第二天,武阳来找王成的时候又说起昨天晚上辩论了一件事。
武阳说,“其实就这么奇怪,我事后想到了很多好的论据,但当时可能因为紧张没有想到。以后常务要多搞这种辩论,我觉得非常有益,对整个人的思维开拓有着极其重要的促进作用。

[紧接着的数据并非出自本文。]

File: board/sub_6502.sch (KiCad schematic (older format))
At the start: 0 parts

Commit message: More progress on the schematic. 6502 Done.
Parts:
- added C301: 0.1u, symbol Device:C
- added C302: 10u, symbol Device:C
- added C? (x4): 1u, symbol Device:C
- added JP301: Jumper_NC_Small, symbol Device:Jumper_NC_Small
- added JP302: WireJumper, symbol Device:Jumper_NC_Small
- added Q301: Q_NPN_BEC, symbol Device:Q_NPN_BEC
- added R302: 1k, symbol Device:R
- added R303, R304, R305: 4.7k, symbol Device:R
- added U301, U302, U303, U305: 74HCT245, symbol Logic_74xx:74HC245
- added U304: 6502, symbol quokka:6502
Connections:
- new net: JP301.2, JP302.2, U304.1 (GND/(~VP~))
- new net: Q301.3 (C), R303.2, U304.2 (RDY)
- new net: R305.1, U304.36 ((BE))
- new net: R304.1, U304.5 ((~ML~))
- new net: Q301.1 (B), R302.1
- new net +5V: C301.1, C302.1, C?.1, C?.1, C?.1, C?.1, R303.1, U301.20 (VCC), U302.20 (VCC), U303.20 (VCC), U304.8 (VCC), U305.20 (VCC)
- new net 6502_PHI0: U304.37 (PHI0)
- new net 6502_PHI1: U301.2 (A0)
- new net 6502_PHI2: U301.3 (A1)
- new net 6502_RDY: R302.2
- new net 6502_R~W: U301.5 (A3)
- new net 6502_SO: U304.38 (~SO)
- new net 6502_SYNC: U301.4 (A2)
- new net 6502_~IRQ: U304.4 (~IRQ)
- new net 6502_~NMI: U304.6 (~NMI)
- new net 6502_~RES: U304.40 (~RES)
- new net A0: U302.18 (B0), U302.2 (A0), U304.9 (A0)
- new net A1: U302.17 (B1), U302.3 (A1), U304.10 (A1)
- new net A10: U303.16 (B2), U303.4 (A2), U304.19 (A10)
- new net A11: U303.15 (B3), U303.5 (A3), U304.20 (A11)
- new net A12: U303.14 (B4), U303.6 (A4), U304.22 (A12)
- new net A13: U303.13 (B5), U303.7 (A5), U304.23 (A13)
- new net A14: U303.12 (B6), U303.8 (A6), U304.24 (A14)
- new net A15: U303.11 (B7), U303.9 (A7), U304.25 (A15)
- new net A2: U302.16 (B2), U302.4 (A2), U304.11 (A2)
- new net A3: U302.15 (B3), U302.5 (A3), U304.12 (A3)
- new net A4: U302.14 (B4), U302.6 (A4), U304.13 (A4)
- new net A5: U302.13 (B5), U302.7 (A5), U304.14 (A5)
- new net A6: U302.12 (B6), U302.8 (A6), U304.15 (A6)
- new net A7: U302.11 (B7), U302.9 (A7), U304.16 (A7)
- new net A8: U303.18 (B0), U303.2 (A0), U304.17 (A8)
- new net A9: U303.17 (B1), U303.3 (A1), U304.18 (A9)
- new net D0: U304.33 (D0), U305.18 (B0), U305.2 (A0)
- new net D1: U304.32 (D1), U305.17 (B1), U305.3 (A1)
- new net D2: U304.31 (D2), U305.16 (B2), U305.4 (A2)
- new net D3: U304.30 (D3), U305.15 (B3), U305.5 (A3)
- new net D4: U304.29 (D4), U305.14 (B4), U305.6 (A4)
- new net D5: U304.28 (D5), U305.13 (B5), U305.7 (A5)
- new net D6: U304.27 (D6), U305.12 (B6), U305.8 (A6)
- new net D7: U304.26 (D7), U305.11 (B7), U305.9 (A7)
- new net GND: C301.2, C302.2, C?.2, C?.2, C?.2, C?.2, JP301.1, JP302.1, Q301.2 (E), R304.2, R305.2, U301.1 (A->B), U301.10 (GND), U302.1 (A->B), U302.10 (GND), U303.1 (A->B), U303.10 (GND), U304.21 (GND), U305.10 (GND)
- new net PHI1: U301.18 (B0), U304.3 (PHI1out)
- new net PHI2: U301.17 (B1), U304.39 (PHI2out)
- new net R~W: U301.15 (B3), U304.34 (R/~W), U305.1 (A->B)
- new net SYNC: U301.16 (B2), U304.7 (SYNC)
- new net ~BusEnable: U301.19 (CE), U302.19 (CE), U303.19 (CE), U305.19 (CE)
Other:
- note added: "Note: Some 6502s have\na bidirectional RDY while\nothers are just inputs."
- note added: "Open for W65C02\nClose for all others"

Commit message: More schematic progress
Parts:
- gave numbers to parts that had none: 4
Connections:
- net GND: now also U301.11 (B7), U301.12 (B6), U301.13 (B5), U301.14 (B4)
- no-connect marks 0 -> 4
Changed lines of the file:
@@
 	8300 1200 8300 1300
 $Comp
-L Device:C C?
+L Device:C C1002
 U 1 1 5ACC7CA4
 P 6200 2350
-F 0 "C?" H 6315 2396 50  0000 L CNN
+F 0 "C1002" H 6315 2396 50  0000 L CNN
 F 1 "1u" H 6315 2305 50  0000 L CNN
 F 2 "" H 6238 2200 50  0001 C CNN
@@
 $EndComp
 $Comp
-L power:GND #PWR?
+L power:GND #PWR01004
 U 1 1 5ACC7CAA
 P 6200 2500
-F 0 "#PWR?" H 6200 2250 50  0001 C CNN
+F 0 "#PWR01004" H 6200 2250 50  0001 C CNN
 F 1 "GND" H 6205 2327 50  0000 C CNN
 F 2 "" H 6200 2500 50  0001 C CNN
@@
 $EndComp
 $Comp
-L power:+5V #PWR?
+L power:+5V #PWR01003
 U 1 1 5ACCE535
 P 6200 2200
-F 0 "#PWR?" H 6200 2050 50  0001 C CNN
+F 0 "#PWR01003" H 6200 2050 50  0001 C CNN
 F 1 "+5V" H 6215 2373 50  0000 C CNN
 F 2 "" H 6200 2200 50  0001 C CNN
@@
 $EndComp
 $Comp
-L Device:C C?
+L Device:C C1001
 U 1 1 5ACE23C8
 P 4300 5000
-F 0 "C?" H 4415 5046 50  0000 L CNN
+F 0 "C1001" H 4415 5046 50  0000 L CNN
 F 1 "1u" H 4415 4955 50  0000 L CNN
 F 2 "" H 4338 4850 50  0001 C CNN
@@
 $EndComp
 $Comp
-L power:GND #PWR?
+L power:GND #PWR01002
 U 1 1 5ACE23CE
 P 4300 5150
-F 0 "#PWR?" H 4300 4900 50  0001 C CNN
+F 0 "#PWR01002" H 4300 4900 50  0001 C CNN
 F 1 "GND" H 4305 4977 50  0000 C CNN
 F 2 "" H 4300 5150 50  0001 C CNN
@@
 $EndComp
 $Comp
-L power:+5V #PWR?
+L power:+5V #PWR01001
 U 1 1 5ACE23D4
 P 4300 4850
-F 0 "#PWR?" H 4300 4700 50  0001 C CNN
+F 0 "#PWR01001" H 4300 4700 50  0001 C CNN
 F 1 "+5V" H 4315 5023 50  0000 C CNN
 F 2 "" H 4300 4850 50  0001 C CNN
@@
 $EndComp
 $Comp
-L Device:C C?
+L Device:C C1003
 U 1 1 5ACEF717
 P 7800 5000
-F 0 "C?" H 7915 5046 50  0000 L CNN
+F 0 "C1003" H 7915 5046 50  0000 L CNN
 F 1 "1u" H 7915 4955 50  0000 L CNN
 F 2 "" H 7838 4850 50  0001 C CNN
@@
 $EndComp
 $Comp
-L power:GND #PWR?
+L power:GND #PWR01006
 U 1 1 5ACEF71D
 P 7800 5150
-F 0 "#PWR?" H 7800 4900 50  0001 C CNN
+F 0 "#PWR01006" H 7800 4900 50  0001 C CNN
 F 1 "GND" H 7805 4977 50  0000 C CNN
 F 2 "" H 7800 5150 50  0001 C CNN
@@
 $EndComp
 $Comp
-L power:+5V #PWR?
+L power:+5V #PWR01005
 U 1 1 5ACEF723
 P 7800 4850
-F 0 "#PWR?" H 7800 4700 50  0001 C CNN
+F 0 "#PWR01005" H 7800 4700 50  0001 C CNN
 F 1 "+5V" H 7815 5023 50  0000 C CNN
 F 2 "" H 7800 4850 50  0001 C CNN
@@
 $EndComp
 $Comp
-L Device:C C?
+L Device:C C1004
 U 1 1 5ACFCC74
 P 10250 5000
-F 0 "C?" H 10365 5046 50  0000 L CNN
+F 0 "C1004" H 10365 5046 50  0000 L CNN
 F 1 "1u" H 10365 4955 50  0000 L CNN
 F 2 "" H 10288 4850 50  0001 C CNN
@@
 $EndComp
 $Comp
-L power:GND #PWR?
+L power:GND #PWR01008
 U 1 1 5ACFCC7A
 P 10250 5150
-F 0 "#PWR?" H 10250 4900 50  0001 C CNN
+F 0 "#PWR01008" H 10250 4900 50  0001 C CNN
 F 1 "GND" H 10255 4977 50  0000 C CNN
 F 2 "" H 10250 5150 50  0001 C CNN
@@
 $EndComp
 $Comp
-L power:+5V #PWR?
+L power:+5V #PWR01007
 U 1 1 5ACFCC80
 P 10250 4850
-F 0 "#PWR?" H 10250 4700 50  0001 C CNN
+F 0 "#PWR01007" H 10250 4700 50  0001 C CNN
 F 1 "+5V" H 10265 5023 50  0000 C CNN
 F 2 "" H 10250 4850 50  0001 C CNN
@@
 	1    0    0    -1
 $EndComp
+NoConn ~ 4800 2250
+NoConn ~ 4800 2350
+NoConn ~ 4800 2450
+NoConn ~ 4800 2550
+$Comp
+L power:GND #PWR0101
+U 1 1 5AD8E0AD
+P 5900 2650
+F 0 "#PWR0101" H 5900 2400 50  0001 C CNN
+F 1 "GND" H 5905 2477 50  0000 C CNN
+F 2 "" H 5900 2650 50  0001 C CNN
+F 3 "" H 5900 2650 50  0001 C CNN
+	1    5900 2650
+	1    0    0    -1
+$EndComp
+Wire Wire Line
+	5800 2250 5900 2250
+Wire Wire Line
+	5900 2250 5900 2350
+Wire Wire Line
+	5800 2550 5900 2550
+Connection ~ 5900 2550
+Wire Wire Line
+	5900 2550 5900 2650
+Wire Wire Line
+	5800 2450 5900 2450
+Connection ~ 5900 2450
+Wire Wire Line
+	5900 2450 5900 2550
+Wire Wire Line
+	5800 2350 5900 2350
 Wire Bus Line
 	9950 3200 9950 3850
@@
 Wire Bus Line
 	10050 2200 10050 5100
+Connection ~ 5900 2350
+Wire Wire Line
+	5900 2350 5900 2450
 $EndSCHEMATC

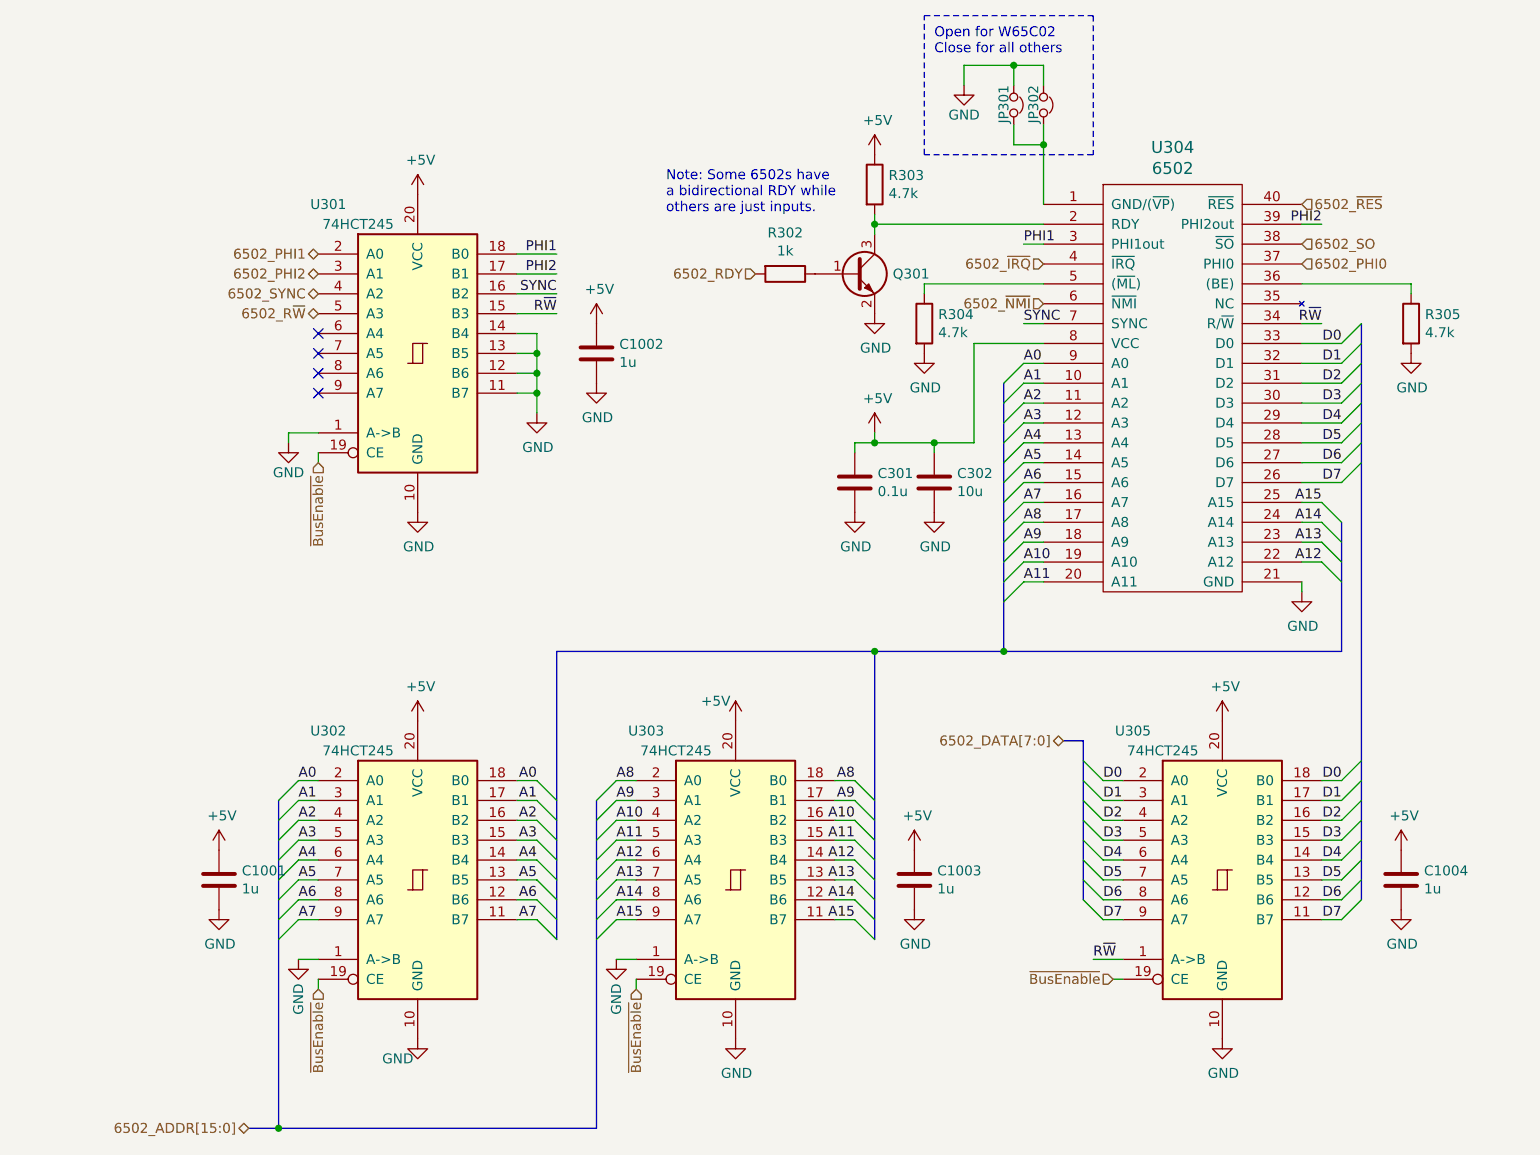
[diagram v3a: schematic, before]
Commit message: Level converters complete, display almost done
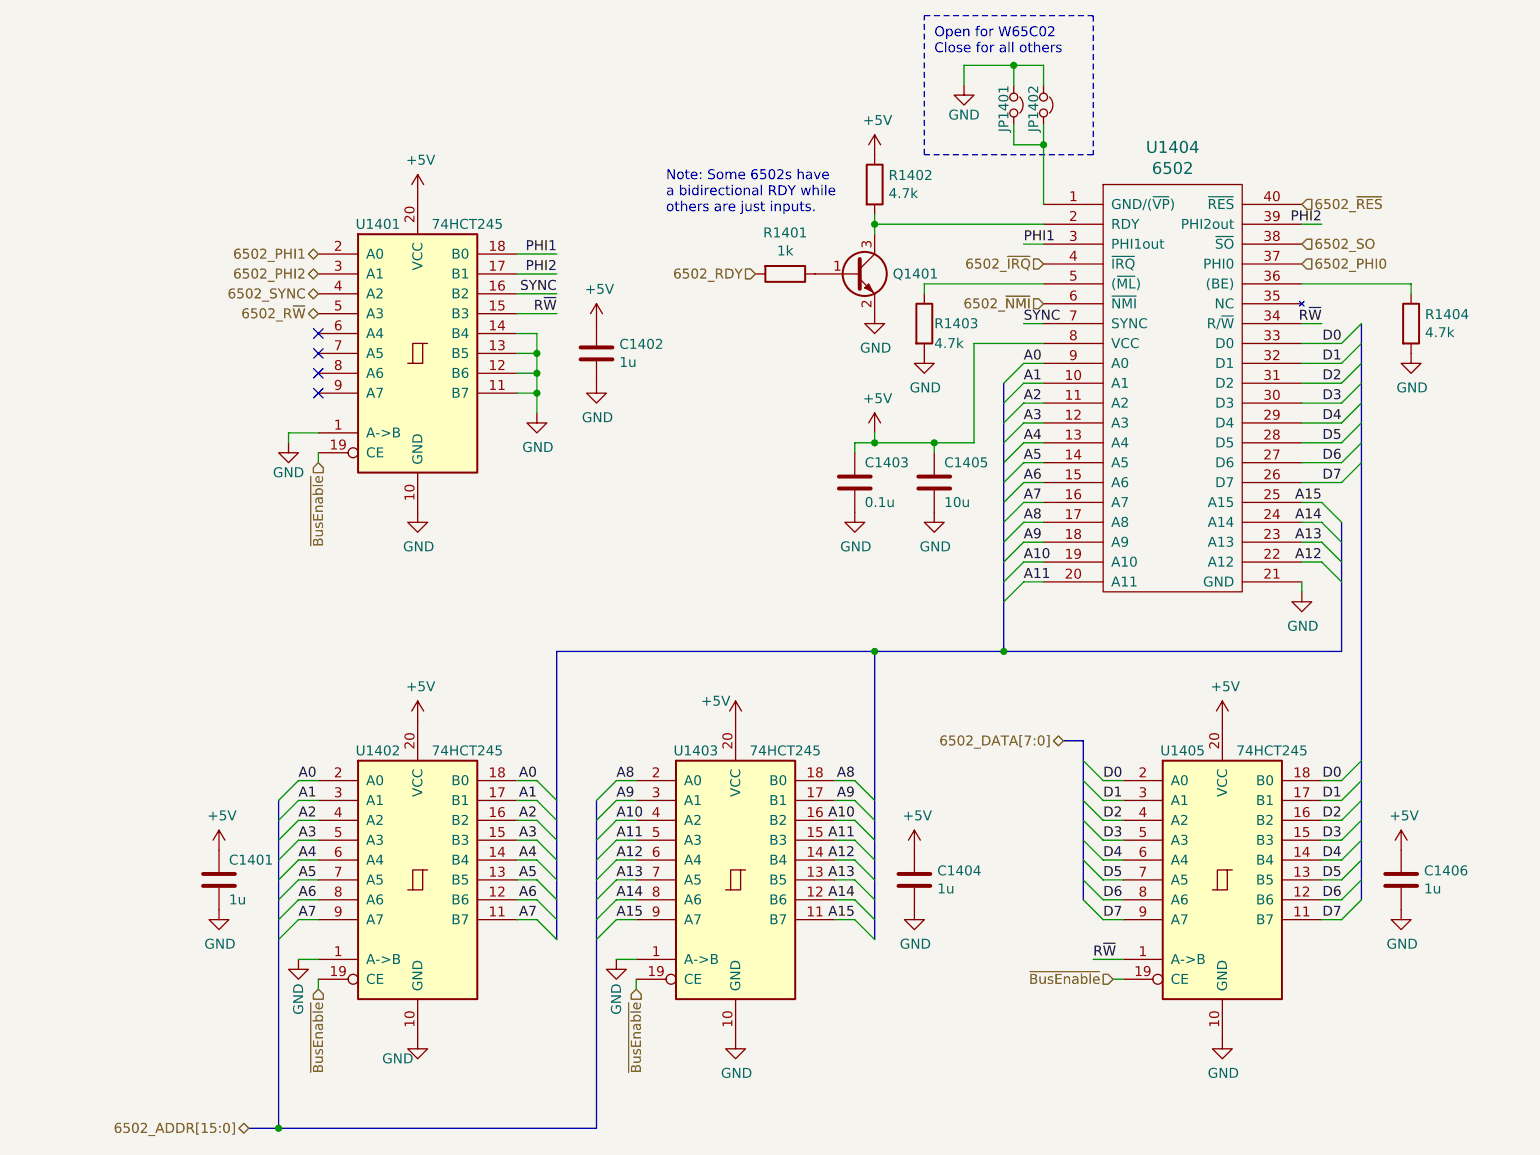
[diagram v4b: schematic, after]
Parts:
- renumbered C1001 to C1401, C1002 to C1402, C301 to C1403, C1003 to C1404, C302 to C1405, C1004 to C1406, JP301 to JP1401, JP302 to JP1402, Q301 to Q1401, R302 to R1401, R303 to R1402, R304 to R1403, R305 to R1404, U301 to U1401, U302 to U1402, U303 to U1403, U304 to U1404, U305 to U1405

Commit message: More Schematic progress
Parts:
- renumbered C1401 to C1201, C1402 to C1202, C1403 to C1203, C1404 to C1204, C1405 to C1205, C1406 to C1206, JP1401 to JP1201, JP1402 to JP1202, Q1401 to Q1201, R1401 to R1201, R1402 to R1202, R1403 to R1203, R1404 to R1204, U1401 to U1201, U1402 to U1202, U1403 to U1203, U1404 to U1204, U1405 to U1205

”
王成哈哈大笑,“你现在还想着的那事儿?不容易啊!”
“那是你交代的事,肯定要当做事去办,而且昨天这种辩论让我深受启发,激动的一个晚上都没休息,我觉得很有必要,也很有意义。”
随后,他又想起一个这样的这样的问题,他说,“我一直觉得现在县里的相关政策项目是不是管的太严了?一些人不敢过来报,影响县城建设进度啊。”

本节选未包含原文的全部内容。